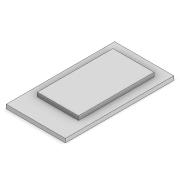
# Autodesk Inventor part: Gyro
Saved by Autodesk Inventor 2020 (Build 240168000, 168)
## iProperties
Created: 2019-08-08
Part Number: Gyro
Material: Generic
Document SubType Name: Modeling
Designer: chitl
Density: 1 g/cm^3
Appearance: Default
Author: chitl
Autodesk Inventor part; units mm, degrees
ref_plane "YZ Plane" through (0, 0, 0) normal (1, 0, 0) x (0, 1, 0)
ref_plane "XZ Plane" through (0, 0, 0) normal (0, 1, 0) x (-1, 0, 0)
ref_plane "XY Plane" through (0, 0, 0) normal (0, 0, 1) x (1, 0, 0)
sketch "Sketch1" plane through (0, 0, 0) normal (0, 1, 0) x (-1, 0, 0)
  line L0 (0, 0) -> (-24, 0)
  line L1 (-24, 0) -> (-24, 44)
  line L2 (-24, 44) -> (0, 44)
  line L3 (0, 44) -> (0, 0)
  dimension "d0" = 24
  dimension "d1" = 44
  constraints: 8 end point, 2 parallel, 1 horizontal, 1 perpendicular
  measures "d0" distance of L1.end L2.end
  measures "d1" distance of L0.end L1.end
extrude "Extrusion1" add sketch "Sketch1" along normal blind 1.6
sketch "Sketch3" plane through (0, 1.6, 0) normal (0, 1, 0) x (1, 0, 0)
  line L0 (3.6828, -4.4062) -> (20.3867, -4.4062)
  line L1 (20.3867, -4.4062) -> (20.3867, -35.052)
  line L2 (20.3867, -35.052) -> (3.6828, -35.052)
  line L3 (3.6828, -35.052) -> (3.6828, -4.4062)
  line L4 (4.8665, -37.9456) -> (18.6769, -37.9456)
  line L5 (18.6769, -37.9456) -> (18.6769, -41.7599)
  line L6 (18.6769, -41.7599) -> (4.8665, -41.7599)
  line L7 (4.8665, -41.7599) -> (4.8665, -37.9456)
  point P0 (0, 0)
  constraints: 16 end point, 4 parallel, 2 horizontal, 2 perpendicular
extrude "Extrusion3" add sketch "Sketch3" along normal blind 1.6 contours L0 L1 L2 L3
sketch "Sketch4" plane through (0, 1.6, 0) normal (0, 1, 0) x (1, 0, 0)
  point P0 (0, 0)
body "Solid1"

....................

What is the number of lines above that contain the string "Autodesk"? Answer with the number alone.

> **SOLUTION**
3